*** Opening of Entries supplied ***

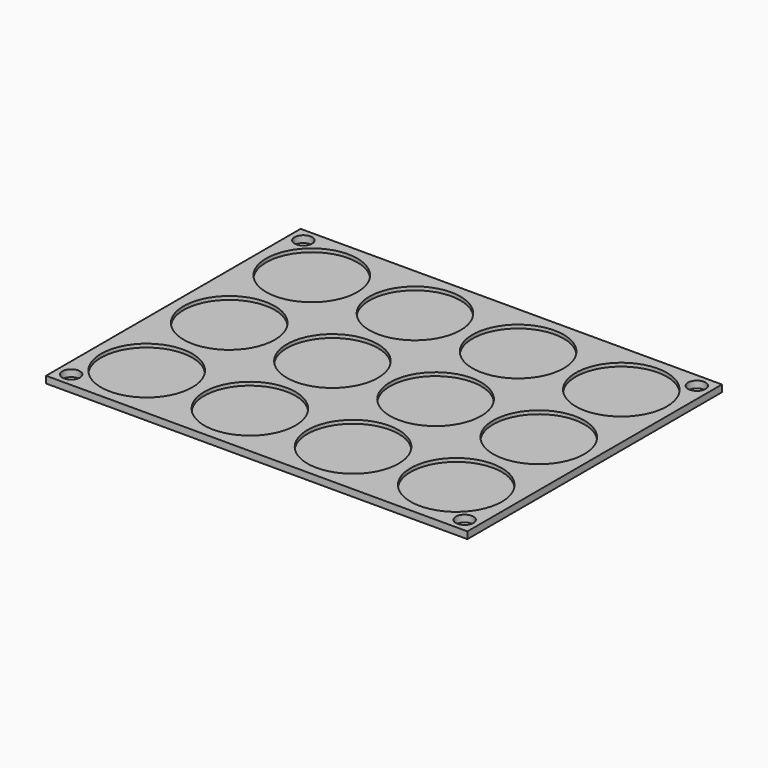
from build123d import *

# Parameters (mm, degrees)
F0_W     = 122.5
F0_H     = 92.5
F0_R     = 13.25
F1_DEPTH = 1
F2_DEPTH = 2
F3_R     = 2.55
F4_DEPTH = 2.001


# Not quite as in the source:
# - a feature names something its author has since deleted; it is built from what else it names


with BuildPart() as f1:
    # F0 (on Top) → F1 (new body)
    with BuildSketch(Plane.XY):
        Rectangle(F0_W, F0_H)
        with Locations((-45, -30)):
            Circle(F0_R, mode=Mode.SUBTRACT)
        with Locations((-15, -30)):
            Circle(F0_R, mode=Mode.SUBTRACT)
        with Locations((15, -30)):
            Circle(F0_R, mode=Mode.SUBTRACT)
        with Locations((45, -30)):
            Circle(F0_R, mode=Mode.SUBTRACT)
        with Locations((-45, 0)):
            Circle(F0_R, mode=Mode.SUBTRACT)
        with Locations((-15, 0)):
            Circle(F0_R, mode=Mode.SUBTRACT)
        with Locations((-45, 30)):
            Circle(F0_R, mode=Mode.SUBTRACT)
        with Locations((-15, 30)):
            Circle(F0_R, mode=Mode.SUBTRACT)
        with Locations((15, 0)):
            Circle(F0_R, mode=Mode.SUBTRACT)
        with Locations((45, 0)):
            Circle(F0_R, mode=Mode.SUBTRACT)
        with Locations((15, 30)):
            Circle(F0_R, mode=Mode.SUBTRACT)
        with Locations((45, 30)):
            Circle(F0_R, mode=Mode.SUBTRACT)
        with Locations((-45, 30)):
            Circle(F0_R)
        with Locations((-15, 30)):
            Circle(F0_R)
        with Locations((15, 30)):
            Circle(F0_R)
        with Locations((45, 30)):
            Circle(F0_R)
        with Locations((45, 0)):
            Circle(F0_R)
        with Locations((-15, 0)):
            Circle(F0_R)
        with Locations((-45, 0)):
            Circle(F0_R)
        with Locations((15, 0)):
            Circle(F0_R)
        with Locations((15, -30)):
            Circle(F0_R)
        with Locations((-15, -30)):
            Circle(F0_R)
        with Locations((-45, -30)):
            Circle(F0_R)
        with Locations((45, -30)):
            Circle(F0_R)
    extrude(amount=F1_DEPTH)

    # F0 (on Top) → F2 (join)
    with BuildSketch(Plane.XY):
        Rectangle(F0_W, F0_H)
        with Locations((-45, -30)):
            Circle(F0_R, mode=Mode.SUBTRACT)
        with Locations((-15, -30)):
            Circle(F0_R, mode=Mode.SUBTRACT)
        with Locations((15, -30)):
            Circle(F0_R, mode=Mode.SUBTRACT)
        with Locations((45, -30)):
            Circle(F0_R, mode=Mode.SUBTRACT)
        with Locations((-45, 0)):
            Circle(F0_R, mode=Mode.SUBTRACT)
        with Locations((-15, 0)):
            Circle(F0_R, mode=Mode.SUBTRACT)
        with Locations((-45, 30)):
            Circle(F0_R, mode=Mode.SUBTRACT)
        with Locations((-15, 30)):
            Circle(F0_R, mode=Mode.SUBTRACT)
        with Locations((15, 0)):
            Circle(F0_R, mode=Mode.SUBTRACT)
        with Locations((45, 0)):
            Circle(F0_R, mode=Mode.SUBTRACT)
        with Locations((15, 30)):
            Circle(F0_R, mode=Mode.SUBTRACT)
        with Locations((45, 30)):
            Circle(F0_R, mode=Mode.SUBTRACT)
    extrude(amount=F2_DEPTH)

    # F3 (on face) → F4 (cut, through all)
    with BuildSketch(Plane.XY.offset(2)):
        with Locations((-57.2, 42.2)):
            Circle(F3_R)
        with Locations((57.2, 42.2)):
            Circle(F3_R)
        with Locations((-57.2, -42.2)):
            Circle(F3_R)
        with Locations((57.2, -42.2)):
            Circle(F3_R)
    extrude(amount=-F4_DEPTH, mode=Mode.SUBTRACT)


solid = f1.part

*** Close of Entries supplied ***

» **How to complete this task**
Restate the listing word for word, pictures omitted.

» **Answer to the problem**
from build123d import *

# Parameters (mm, degrees)
F0_W     = 122.5
F0_H     = 92.5
F0_R     = 13.25
F1_DEPTH = 1
F2_DEPTH = 2
F3_R     = 2.55
F4_DEPTH = 2.001


# Not quite as in the source:
# - a feature names something its author has since deleted; it is built from what else it names


with BuildPart() as f1:
    # F0 (on Top) → F1 (new body)
    with BuildSketch(Plane.XY):
        Rectangle(F0_W, F0_H)
        with Locations((-45, -30)):
            Circle(F0_R, mode=Mode.SUBTRACT)
        with Locations((-15, -30)):
            Circle(F0_R, mode=Mode.SUBTRACT)
        with Locations((15, -30)):
            Circle(F0_R, mode=Mode.SUBTRACT)
        with Locations((45, -30)):
            Circle(F0_R, mode=Mode.SUBTRACT)
        with Locations((-45, 0)):
            Circle(F0_R, mode=Mode.SUBTRACT)
        with Locations((-15, 0)):
            Circle(F0_R, mode=Mode.SUBTRACT)
        with Locations((-45, 30)):
            Circle(F0_R, mode=Mode.SUBTRACT)
        with Locations((-15, 30)):
            Circle(F0_R, mode=Mode.SUBTRACT)
        with Locations((15, 0)):
            Circle(F0_R, mode=Mode.SUBTRACT)
        with Locations((45, 0)):
            Circle(F0_R, mode=Mode.SUBTRACT)
        with Locations((15, 30)):
            Circle(F0_R, mode=Mode.SUBTRACT)
        with Locations((45, 30)):
            Circle(F0_R, mode=Mode.SUBTRACT)
        with Locations((-45, 30)):
            Circle(F0_R)
        with Locations((-15, 30)):
            Circle(F0_R)
        with Locations((15, 30)):
            Circle(F0_R)
        with Locations((45, 30)):
            Circle(F0_R)
        with Locations((45, 0)):
            Circle(F0_R)
        with Locations((-15, 0)):
            Circle(F0_R)
        with Locations((-45, 0)):
            Circle(F0_R)
        with Locations((15, 0)):
            Circle(F0_R)
        with Locations((15, -30)):
            Circle(F0_R)
        with Locations((-15, -30)):
            Circle(F0_R)
        with Locations((-45, -30)):
            Circle(F0_R)
        with Locations((45, -30)):
            Circle(F0_R)
    extrude(amount=F1_DEPTH)

    # F0 (on Top) → F2 (join)
    with BuildSketch(Plane.XY):
        Rectangle(F0_W, F0_H)
        with Locations((-45, -30)):
            Circle(F0_R, mode=Mode.SUBTRACT)
        with Locations((-15, -30)):
            Circle(F0_R, mode=Mode.SUBTRACT)
        with Locations((15, -30)):
            Circle(F0_R, mode=Mode.SUBTRACT)
        with Locations((45, -30)):
            Circle(F0_R, mode=Mode.SUBTRACT)
        with Locations((-45, 0)):
            Circle(F0_R, mode=Mode.SUBTRACT)
        with Locations((-15, 0)):
            Circle(F0_R, mode=Mode.SUBTRACT)
        with Locations((-45, 30)):
            Circle(F0_R, mode=Mode.SUBTRACT)
        with Locations((-15, 30)):
            Circle(F0_R, mode=Mode.SUBTRACT)
        with Locations((15, 0)):
            Circle(F0_R, mode=Mode.SUBTRACT)
        with Locations((45, 0)):
            Circle(F0_R, mode=Mode.SUBTRACT)
        with Locations((15, 30)):
            Circle(F0_R, mode=Mode.SUBTRACT)
        with Locations((45, 30)):
            Circle(F0_R, mode=Mode.SUBTRACT)
    extrude(amount=F2_DEPTH)

    # F3 (on face) → F4 (cut, through all)
    with BuildSketch(Plane.XY.offset(2)):
        with Locations((-57.2, 42.2)):
            Circle(F3_R)
        with Locations((57.2, 42.2)):
            Circle(F3_R)
        with Locations((-57.2, -42.2)):
            Circle(F3_R)
        with Locations((57.2, -42.2)):
            Circle(F3_R)
    extrude(amount=-F4_DEPTH, mode=Mode.SUBTRACT)


solid = f1.part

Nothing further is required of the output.